Go to the line holding "#30=CARTESIAN_POINT('',(1.,1.5,5.));" in the entries below and write out exactly every line down to and including the line holding "#38=CIRCLE('',#37,1.5);".
Input data Start Marker
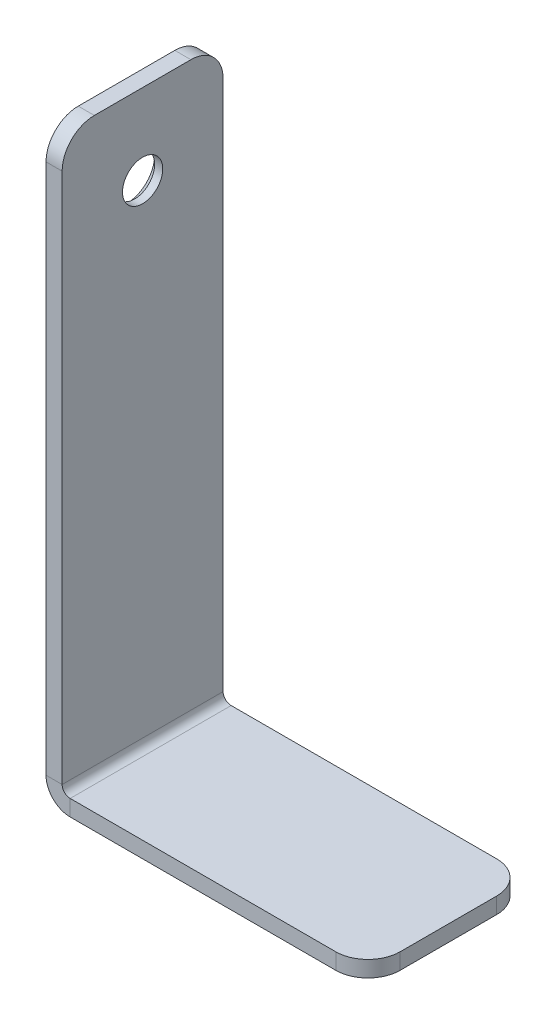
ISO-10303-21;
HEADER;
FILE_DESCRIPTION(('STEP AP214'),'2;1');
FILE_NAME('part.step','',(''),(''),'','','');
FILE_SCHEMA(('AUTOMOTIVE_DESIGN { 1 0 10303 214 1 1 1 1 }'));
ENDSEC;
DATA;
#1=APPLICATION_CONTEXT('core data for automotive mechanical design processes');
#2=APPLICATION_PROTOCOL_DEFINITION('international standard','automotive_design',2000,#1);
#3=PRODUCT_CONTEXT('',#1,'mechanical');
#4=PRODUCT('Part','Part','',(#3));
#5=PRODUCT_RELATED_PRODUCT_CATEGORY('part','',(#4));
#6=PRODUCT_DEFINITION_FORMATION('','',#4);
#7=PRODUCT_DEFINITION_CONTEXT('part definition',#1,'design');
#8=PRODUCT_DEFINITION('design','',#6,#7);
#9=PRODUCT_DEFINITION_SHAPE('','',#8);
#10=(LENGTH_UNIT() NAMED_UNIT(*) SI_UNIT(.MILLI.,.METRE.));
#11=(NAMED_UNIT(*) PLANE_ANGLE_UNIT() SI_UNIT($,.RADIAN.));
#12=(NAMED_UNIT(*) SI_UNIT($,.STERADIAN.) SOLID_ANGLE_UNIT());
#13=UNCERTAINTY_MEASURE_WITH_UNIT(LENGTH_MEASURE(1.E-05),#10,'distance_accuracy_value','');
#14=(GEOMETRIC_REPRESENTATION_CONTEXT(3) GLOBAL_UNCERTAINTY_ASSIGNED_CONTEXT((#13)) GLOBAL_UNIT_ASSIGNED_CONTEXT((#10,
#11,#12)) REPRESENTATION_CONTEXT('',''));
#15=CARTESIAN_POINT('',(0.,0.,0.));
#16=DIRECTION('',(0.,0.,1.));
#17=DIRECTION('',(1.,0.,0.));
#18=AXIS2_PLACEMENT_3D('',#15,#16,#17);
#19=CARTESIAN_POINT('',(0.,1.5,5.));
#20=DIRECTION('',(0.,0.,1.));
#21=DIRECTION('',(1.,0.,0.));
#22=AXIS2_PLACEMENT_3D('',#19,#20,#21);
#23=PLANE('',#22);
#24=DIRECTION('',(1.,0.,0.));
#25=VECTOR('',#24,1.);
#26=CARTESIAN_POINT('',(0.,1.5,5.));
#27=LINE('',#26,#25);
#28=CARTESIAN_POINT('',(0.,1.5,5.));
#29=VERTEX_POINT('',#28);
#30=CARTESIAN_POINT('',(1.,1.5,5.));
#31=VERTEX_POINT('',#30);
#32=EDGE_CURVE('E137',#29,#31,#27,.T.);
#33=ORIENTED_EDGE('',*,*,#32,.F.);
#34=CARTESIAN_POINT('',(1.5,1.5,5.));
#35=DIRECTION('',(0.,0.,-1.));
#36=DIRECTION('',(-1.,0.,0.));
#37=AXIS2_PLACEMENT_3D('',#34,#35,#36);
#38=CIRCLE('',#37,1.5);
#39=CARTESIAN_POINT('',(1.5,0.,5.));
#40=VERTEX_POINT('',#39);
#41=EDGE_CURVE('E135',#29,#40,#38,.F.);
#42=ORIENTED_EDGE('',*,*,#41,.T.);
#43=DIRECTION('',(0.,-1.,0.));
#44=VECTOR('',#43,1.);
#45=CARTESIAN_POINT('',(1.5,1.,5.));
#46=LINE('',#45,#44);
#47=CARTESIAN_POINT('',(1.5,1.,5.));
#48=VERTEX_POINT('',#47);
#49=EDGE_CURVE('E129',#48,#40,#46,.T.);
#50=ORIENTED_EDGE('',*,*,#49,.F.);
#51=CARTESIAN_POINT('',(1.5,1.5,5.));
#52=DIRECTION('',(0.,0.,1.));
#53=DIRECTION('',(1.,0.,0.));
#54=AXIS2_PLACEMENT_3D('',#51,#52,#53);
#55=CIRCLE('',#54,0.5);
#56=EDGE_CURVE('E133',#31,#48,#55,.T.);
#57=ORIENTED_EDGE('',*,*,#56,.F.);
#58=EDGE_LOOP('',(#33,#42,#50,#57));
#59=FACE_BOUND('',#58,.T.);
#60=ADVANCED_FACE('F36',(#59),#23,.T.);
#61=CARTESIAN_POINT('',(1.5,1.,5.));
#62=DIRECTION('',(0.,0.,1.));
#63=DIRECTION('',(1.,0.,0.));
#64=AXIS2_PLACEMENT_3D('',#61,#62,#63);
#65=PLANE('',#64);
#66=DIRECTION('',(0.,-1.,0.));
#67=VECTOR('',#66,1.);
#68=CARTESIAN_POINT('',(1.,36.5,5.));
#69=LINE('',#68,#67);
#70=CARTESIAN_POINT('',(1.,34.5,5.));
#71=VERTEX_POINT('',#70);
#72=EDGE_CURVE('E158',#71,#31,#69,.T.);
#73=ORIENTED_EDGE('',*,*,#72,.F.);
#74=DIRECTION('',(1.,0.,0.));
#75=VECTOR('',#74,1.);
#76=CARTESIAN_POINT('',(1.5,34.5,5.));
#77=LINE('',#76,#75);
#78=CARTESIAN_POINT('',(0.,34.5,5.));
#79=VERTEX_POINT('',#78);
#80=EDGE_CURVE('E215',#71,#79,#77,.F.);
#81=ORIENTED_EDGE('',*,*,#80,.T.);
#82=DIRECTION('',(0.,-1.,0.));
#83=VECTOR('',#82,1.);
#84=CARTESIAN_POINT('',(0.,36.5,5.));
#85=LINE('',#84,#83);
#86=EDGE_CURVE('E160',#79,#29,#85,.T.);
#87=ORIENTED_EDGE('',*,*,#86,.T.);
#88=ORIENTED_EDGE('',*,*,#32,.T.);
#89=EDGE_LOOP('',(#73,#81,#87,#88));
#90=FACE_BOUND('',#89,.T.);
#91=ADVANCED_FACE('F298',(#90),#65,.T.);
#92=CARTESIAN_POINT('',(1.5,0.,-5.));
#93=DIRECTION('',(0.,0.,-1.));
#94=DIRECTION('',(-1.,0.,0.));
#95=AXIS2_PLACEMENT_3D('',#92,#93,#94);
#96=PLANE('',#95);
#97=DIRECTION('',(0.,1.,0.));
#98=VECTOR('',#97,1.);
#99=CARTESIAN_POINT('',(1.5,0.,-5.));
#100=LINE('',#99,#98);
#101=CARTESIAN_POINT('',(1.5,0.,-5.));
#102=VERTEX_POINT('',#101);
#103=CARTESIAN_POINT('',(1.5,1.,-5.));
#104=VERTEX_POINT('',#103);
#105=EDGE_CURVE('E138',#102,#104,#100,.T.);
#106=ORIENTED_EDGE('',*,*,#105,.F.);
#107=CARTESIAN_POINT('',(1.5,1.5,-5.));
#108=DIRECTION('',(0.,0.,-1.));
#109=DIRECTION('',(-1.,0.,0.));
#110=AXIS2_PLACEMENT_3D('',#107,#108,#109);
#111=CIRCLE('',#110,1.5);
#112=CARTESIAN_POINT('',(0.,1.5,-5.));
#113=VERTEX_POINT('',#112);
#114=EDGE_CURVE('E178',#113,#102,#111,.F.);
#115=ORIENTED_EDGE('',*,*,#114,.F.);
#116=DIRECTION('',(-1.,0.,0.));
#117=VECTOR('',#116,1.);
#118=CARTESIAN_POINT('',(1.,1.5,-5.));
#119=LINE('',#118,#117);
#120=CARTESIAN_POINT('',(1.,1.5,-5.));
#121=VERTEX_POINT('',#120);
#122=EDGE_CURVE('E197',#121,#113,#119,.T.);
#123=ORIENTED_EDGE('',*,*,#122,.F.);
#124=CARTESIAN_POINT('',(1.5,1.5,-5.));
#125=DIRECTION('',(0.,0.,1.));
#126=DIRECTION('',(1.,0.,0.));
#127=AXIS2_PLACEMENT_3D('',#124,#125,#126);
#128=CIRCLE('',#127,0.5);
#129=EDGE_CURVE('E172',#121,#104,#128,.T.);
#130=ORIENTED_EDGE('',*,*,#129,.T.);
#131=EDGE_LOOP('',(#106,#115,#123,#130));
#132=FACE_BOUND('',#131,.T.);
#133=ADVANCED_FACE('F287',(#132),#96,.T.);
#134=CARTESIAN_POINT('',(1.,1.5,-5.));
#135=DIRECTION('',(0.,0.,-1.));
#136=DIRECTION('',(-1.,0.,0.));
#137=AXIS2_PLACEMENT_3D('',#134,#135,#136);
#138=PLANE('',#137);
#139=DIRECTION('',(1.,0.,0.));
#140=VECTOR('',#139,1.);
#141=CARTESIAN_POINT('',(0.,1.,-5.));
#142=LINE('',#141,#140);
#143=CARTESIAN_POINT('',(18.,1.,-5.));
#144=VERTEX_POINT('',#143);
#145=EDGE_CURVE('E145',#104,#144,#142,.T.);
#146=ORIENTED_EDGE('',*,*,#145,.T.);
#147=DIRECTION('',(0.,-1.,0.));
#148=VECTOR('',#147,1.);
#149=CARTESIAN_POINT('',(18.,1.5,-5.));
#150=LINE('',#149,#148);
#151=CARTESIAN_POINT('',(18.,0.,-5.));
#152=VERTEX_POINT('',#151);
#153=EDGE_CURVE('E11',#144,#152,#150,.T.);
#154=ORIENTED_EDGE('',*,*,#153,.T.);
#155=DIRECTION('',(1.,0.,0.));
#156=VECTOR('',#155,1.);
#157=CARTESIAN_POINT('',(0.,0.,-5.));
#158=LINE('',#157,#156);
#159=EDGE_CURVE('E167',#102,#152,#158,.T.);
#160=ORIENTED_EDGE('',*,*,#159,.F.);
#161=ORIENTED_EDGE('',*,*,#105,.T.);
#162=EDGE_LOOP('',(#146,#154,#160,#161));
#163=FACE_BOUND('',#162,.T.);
Input data End Marker
## Solution for this exercise
#30=CARTESIAN_POINT('',(1.,1.5,5.));
#31=VERTEX_POINT('',#30);
#32=EDGE_CURVE('E137',#29,#31,#27,.T.);
#33=ORIENTED_EDGE('',*,*,#32,.F.);
#34=CARTESIAN_POINT('',(1.5,1.5,5.));
#35=DIRECTION('',(0.,0.,-1.));
#36=DIRECTION('',(-1.,0.,0.));
#37=AXIS2_PLACEMENT_3D('',#34,#35,#36);
#38=CIRCLE('',#37,1.5);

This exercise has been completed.